How do UBC’s bureaucratic and institutional structures perpetuate ableist assumptions such as burden discourse?
Burden discourse is when disabled bodies don’t feel entitled to ask for support. This can be due to language use, interpersonal interactions, and/or structures in the institution, which is what this article will focus on.
It is critical to look closely at how bureaucratic architecture and institutional structures influence and shape our experience at UBC as disabled students and allies. Not only is this necessary to better understand and identify how the institution affects our bodies, but it is imperative to analyze how UBC views, understands, and enforces the role of disabled bodies in the institution.
Although UBC’s primary source of disability support, Access and Diversity (A&D), provides necessary guidance, it also has much room for improvement. For instance, during my first visit to A&D, I was asked what accommodations I need to have “success” at UBC. At the time, I asked for exam accommodations because it was the only support they had mentioned was available. In my following years at UBC I’ve learnt that there are many more resources available, such as bursaries, scholarships, hired note-takers, and computer programs. Because we live in an ableist society (ableism is the “discrimination or prejudice against individuals with disabilities”, see this Social Justice Synonyms article for more information on ableism), I did not know that I was entitled to ask for further resources. I was not aware of the huge range of support available and that I in fact deserved and was well entitled to these services.

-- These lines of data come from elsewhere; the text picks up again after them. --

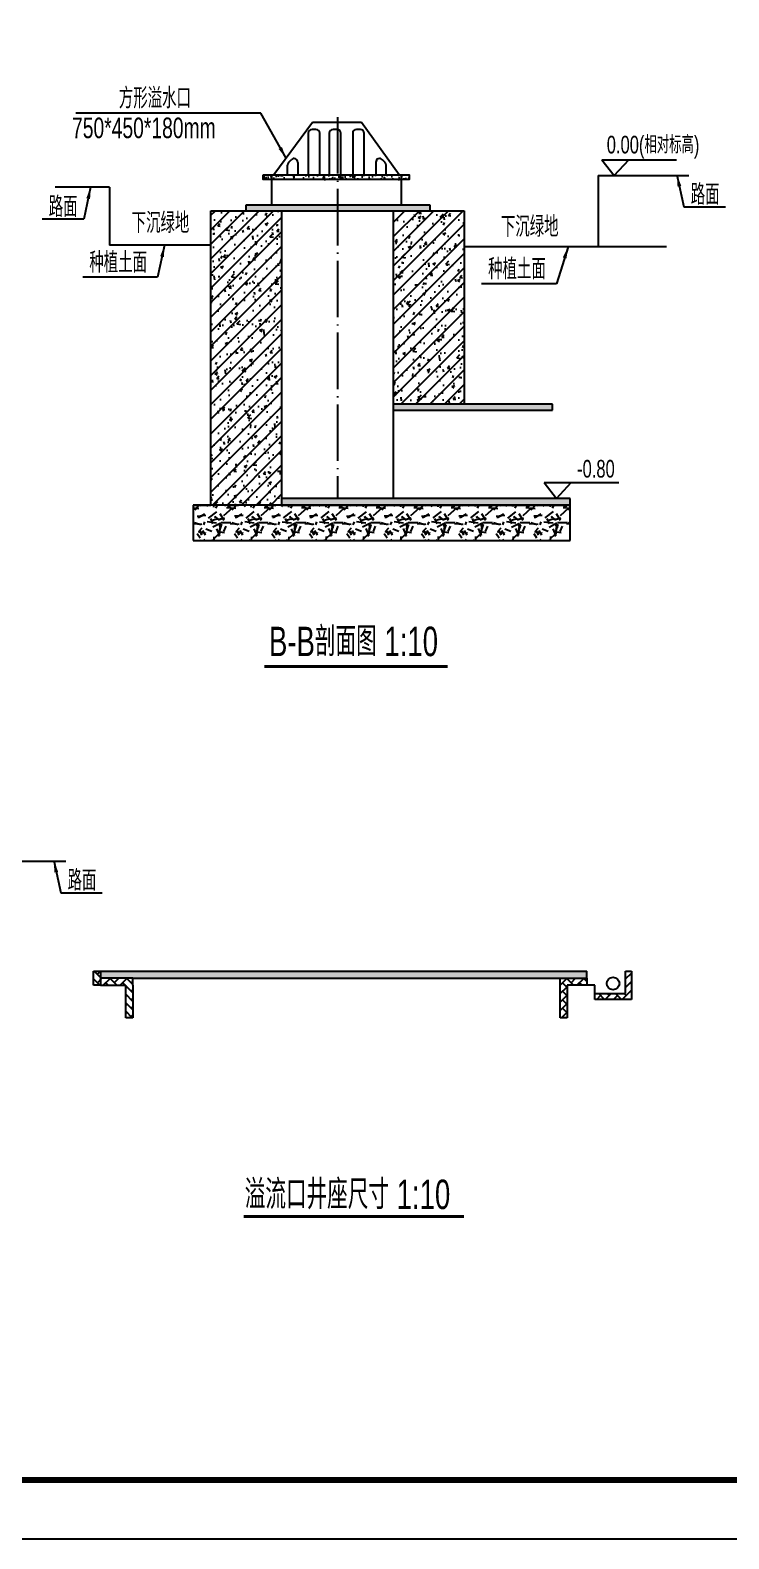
# Model space of a CAD drawing. Header units: millimetres. Extents: x 684779 to 686470, y 2544898 to 2545979.
# Drawn here: x 686249.7 to 686309, y 2545188.8 to 2545316.9 of the extents above; entities that cross this region are included whole.
import ezdxf

# ---------------------------------------------------------------- set-up
doc = ezdxf.new("R2010")
doc.units = ezdxf.units.MM
doc.linetypes.add('ACAD_ISO04W100', pattern=[30, 24, -3, 0, -3])
doc.layers.add('PUB_TITLE', color=4, linetype='Continuous')
doc.layers.add('文字标注', color=3, linetype='Continuous')
doc.styles.add('DIM_FONT', font='SIMPLEX', dxfattribs={"width": 0.7, "bigfont": 'GBCBIG'})
doc.styles.add('HZTXT', font='romane.shx', dxfattribs={"width": 0.7, "bigfont": 'hztxt.shx'})
doc.dimstyles.new('HX-100', dxfattribs={"dimtxt": 300, "dimasz": 200, "dimexe": 200, "dimexo": 500, "dimgap": 100, "dimtad": 1, "dimtoh": 1, "dimdec": 0, "dimzin": 0, "dimdsep": 46, "dimtxsty": 'DIM_FONT', "dimblk": 'ARCHTICK', "dimcen": 0.09, "dimdle": 200, "dimclrd": 256, "dimclre": 256, "dimclrt": 3, "dimazin": 2, "dimtfac": 1, "dimtdec": 0, "dimtix": 1, "dimtmove": 2, "dimatfit": 0, "dimfxl": 500, "dimfxlon": 1, "dimtolj": 1, "dimtzin": 0, "dimarcsym": 0})

# ---------------------------------------------------------------- blocks, each defined once
blk = doc.blocks.new('_ArchTick')
at = {"color": 0, "linetype": 'ByBlock', "const_width": 0.4}
blk.add_lwpolyline([(-0.5, -0.5), (0.5, 0.5)], dxfattribs=at)
blk = doc.blocks.new('A$C042515D6')
at = {"lineweight": -3}
h = blk.add_hatch(dxfattribs=at)
h.set_pattern_fill('AR-SAND', color=0, scale=2.5, style=0)
h.set_pattern_definition([(37.5, (-12077.00925186276, 11641.36737906933), (-4.000078239960114, 122.3533093323355), [0, -96.52000000000001, 0, -107.95, 0, -103.1875]), (7.5, (-12077.00925186276, 11641.36737906933), (112.3808207845006, 179.2062751420886), [0, -52.06999999999999, 0, -86.99499999999998, 0, -33.3375]), (327.5, (-12155.11425188184, 11641.36737906933), (197.7480925603645, 0.3592961696364227), [0, -31.75, 0, -114.3, 0, -149.225]), (317.5, (-12155.11425188184, 11641.36737906933), (190.8891131180743, 55.73233081430405), [0, -15.875, 0, -74.92999999999999, 0, -85.725])])
h.paths.add_polyline_path([(19007.11409580707, 35660.10930430889), (19007.11409580707, 35743.37293612957), (17760.83539968729, 35743.37293612957), (17760.83539968729, 35660.10930430889)])
h.paths.add_polyline_path([(16525.20334783196, 35743.37293612957), (16525.20334783196, 35660.10930430889), (17760.83539968729, 35660.10930430889), (17760.83539968729, 35743.37293612957)])
h = blk.add_hatch(dxfattribs=at)
h.set_pattern_fill('钢筋混凝土', color=0, scale=70, style=0)
h.set_pattern_definition([(45, (0, 0), (-123.7436867076458, 123.7436867076458), []), (50, (0, 0), (502.0821278205274, -43.92649448781657), [52.5, -577.5]), (355, (0, 0), (-97.12593352910001, 526.5344935900083), [42, -462]), (100.4514, (41.840176, -3.660537999999999), (404.956567199815, 482.6076794426675), [44.61813300000001, -490.7994784]), (46.1842, (0, 140), (747.0687340379511, -115.8633100303126), [78.75, -866.2499999999999]), (96.6356, (62.25572149999999, 130.3446851), (654.2638938840923, 681.8825096303092), [66.9272016, -736.1991]), (351.1842000000001, (0, 140), (654.263361593539, 681.8830206477272), [63, -693]), (21, (70, 105), (417.8349364829231, -281.8332234657372), [52.5, -577.5]), (326, (70, 105), (170.3207323451072, 507.6050315327971), [42, -462]), (71.4514, (104.8195631, 81.5138758), (588.1558400070429, 225.7713476969667), [44.61813300000001, -490.7994784]), (37.5, (0, 0), (8.511898722103467, 233.025697681918), [0, -456.4, 0, -469, 0, -463.75]), (7.499999999999999, (0, 0), (184.148676209504, 276.0881983176521), [0, -267.4, 0, -445.9, 0, -176.75]), (327.5, (-156.1, 0), (373.6757053206863, -15.78841021406583), [0, -175, 0, -546, 0, -724.5]), (317.5, (-226.1, 0), (408.2303185396703, 70.0734876326224), [0, -227.5, 0, -362.6, 0, -514.5])])
h.paths.add_polyline_path([(18737.91121587157, 31846.08657062054), (19937.91121587157, 31846.08657062054), (19937.91121587157, 35131.08657062054), (18737.91121587157, 35131.08657062054)])
h.paths.add_polyline_path([(16837.91121587157, 35130.75775510073), (15637.91121587157, 35130.75775510073), (15637.91121587157, 30131.08657062054), (16837.91121587157, 30131.08657062054)])
h = blk.add_hatch(dxfattribs=at)
h.set_pattern_fill('AR-SAND', color=0, scale=2.5, style=0)
h.set_pattern_definition([(37.5, (-26599.78733059764, 15200.16485339403), (-4.000078239960114, 122.3533093323355), [0, -96.52000000000001, 0, -107.95, 0, -103.1875]), (7.5, (-26599.78733059764, 15200.16485339403), (112.3808207845006, 179.2062751420886), [0, -52.06999999999999, 0, -86.99499999999998, 0, -33.3375]), (327.5, (-26677.89233064651, 15200.16485339403), (197.7480925603645, 0.3592961696364227), [0, -31.75, 0, -114.3, 0, -149.225]), (317.5, (-26677.89233064651, 15200.16485339403), (190.8891131180743, 55.73233081430405), [0, -15.875, 0, -74.92999999999999, 0, -85.725])])
h.paths.add_polyline_path([(16837.91121587157, 30246.18380343914), (16837.91121587157, 30131.08657062054), (18737.91121587157, 30131.08657062054), (21738.18343511224, 30131.08657062054), (21738.18343511224, 30246.18380343914)])
h.paths.add_polyline_path([(18737.91121587157, 31746.08657062054), (19937.91121587157, 31746.08657062054), (19937.91121587157, 31846.08657062054), (18737.91121587157, 31846.08657062054)])
h.paths.add_polyline_path([(19937.91121587157, 31746.08657062054), (21437.91121587157, 31746.08657062054), (21437.91121587157, 31846.08657062054), (19937.91121587157, 31846.08657062054)])
h.paths.add_polyline_path([(18737.91121587157, 35131.08657062054), (19358.17449647188, 35131.08657062054), (19358.17449647188, 35230.75775510073), (16237.91121587157, 35230.75775510073), (16237.91121587157, 35130.75775510073), (16337.91121587157, 35130.75775510073), (16837.91121587157, 35130.75775510073)])
h = blk.add_hatch(dxfattribs=at)
h.set_pattern_fill('GRAVEL', color=0, scale=25, style=0)
h.set_pattern_definition([(228.0128, (-26142.58733060956, 15835.16485339403), (-5080.004316474003, -5715.007022378144), [85.43025, -8457.625]), (184.9697, (-26199.73733061552, 15771.66485345363), (7620.012326544781, 634.9955188468645), [146.60125, -14513.5]), (132.5104, (-26345.78733059764, 15758.96485370397), (6349.995379582923, -6985.006823115101), [103.3704999999999, -10233.67499999999]), (267.2737, (-26593.4373305738, 15600.21485358476), (634.9972427070431, 12699.9959133416), [133.50125, -13216.6]), (292.8337, (-26599.78733059764, 15466.86485373974), (-3175.009013875476, 7620.004332512777), [130.9085, -12959.95]), (357.2737, (-26548.98733061552, 15346.21485358476), (-12699.9959133416, 634.9972427070438), [133.50125, -13216.6]), (37.6942, (-26415.63733056188, 15339.86485373974), (-8255.005215309982, -6349.994339246222), [176.5484999999999, -17478.275]), (72.2553, (-26275.9373305738, 15447.814853549), (4445.008891366799, 13970.00405150909), [166.68, -16501.325]), (121.4296, (-26225.13733056188, 15606.564853549), (-5080.001308816119, 8254.990289993173), [133.95325, -13261.375]), (175.2364, (-26294.98733061552, 15720.86485373974), (6984.994513263614, -634.9940406802889), [152.9282499999983, -7493.474999999946]), (222.3974, (-26447.38733056188, 15733.564853549), (-7620.000229309927, -6984.990912659242), [197.7695, -19579.2]), (138.8141, (-25964.78733059764, 15593.86485373974), (-4444.997168556183, 3809.994139281001), [67.50125, -6682.649999999998]), (171.4692, (-26015.58733060956, 15638.314853549), (8254.98739889785, -1270.003200011425), [128.4204999999983, -12713.64999999989]), (225, (-26142.58733060956, 15657.36485373974), (-1.332e-13, -634.9995671750494), [89.80225000000002, -808.2224999999999]), (203.1986, (-26187.03733059764, 15733.564853549), (3175.010706397708, 1270.005568576566), [48.36025, -4787.65]), (291.8014, (-26231.48733061552, 15714.51485335827), (-635.0004454736273, 1905.001227182966), [68.3915, -3351.199999999999]), (30.9638, (-26206.08733060956, 15651.01485341787), (1904.997988702056, 1270.000989665138), [111.0799999999992, -3591.574999999973]), (161.5651, (-26110.83733060956, 15708.16485339403), (1270.000579545245, -634.9990556162691), [80.32175, -1927.725]), (16.38950000000001, (-26599.78733059764, 15714.51485335827), (6350.003503492338, 1904.996037491951), [112.522, -11139.7]), (70.3462, (-26491.83733060956, 15746.26485335827), (-2539.992922169127, -6984.990122136249), [94.39975000000003, -9345.550000000001]), (293.1986, (-26110.83733060956, 15835.16485339403), (-1270.005568576566, 3175.010706397708), [96.71999999999998, -4739.3]), (343.6105, (-26072.73733061552, 15746.26485335827), (-6350.003503492335, 1904.996037491953), [112.5219999999992, -11139.69999999989]), (339.4440000000001, (-26599.78733059764, 15320.814853549), (-3175.003941063978, 1269.998459012535), [108.50875, -5316.925000000001]), (294.7751, (-26498.1873305738, 15282.71485364437), (-3174.99260090671, 6984.996756539167), [90.9179999999992, -9000.899999999896]), (66.8014, (-26104.48733061552, 15200.16485339403), (1270.005568576567, 3175.010706397708), [96.72000000000001, -4739.300000000001]), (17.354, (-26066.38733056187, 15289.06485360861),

Further, the focus on success itself is also fraught: many notions of success within academia are ableist. Ableism in universities is institutionalized through structures and organization, such as the expectation of taking at least 5 classes a term and 27 credits a year in order to qualify for awards and scholarships. As it so often does, ableism here becomes tied with classism, as financial aid is awarded to those with the ability to match the expected workload. Although with permanent disability status through A&D you are eligible for grants through the government, UBC offers a very limited amount of financial support to its disabled students in comparison. “Success at UBC,” therefore, is not only an individual’s capacity to learn and study, but also constructed from a complex network of power relations.
These are major issues in terms of burden politics.
Not feeling entitled to support (or feeling like a ‘burden’) is an internalized manifestation of ableism, and therefore A&D, and any other form of disability support on campus, must set a precedent of undoing ableist conditioning to fully support disabled students and allies. This includes educating students that receiving disability support is not supplementary to an education but a right, that ableism is directly linked to capitalism and production politics, and that ability is not a percentage scale but rather a deeply personal and intimate relationship to the world around us. Although working within institutional ableist frameworks is often necessary for social organizations such as A&D to survive, failing to challenge ableism at every intersection is a way of fulfilling institutional policies while simultaneously creating a form of accessibility that is not centred on disabled students. By setting an example of actively working to undo ableist barriers, both internalized and structured by the institution, A&D and others would have the opportunity not only to shift institutional structures and non-disabled folks’ perspectives, but also allow disabled students to begin to imagine an institution that dismantles burden politics.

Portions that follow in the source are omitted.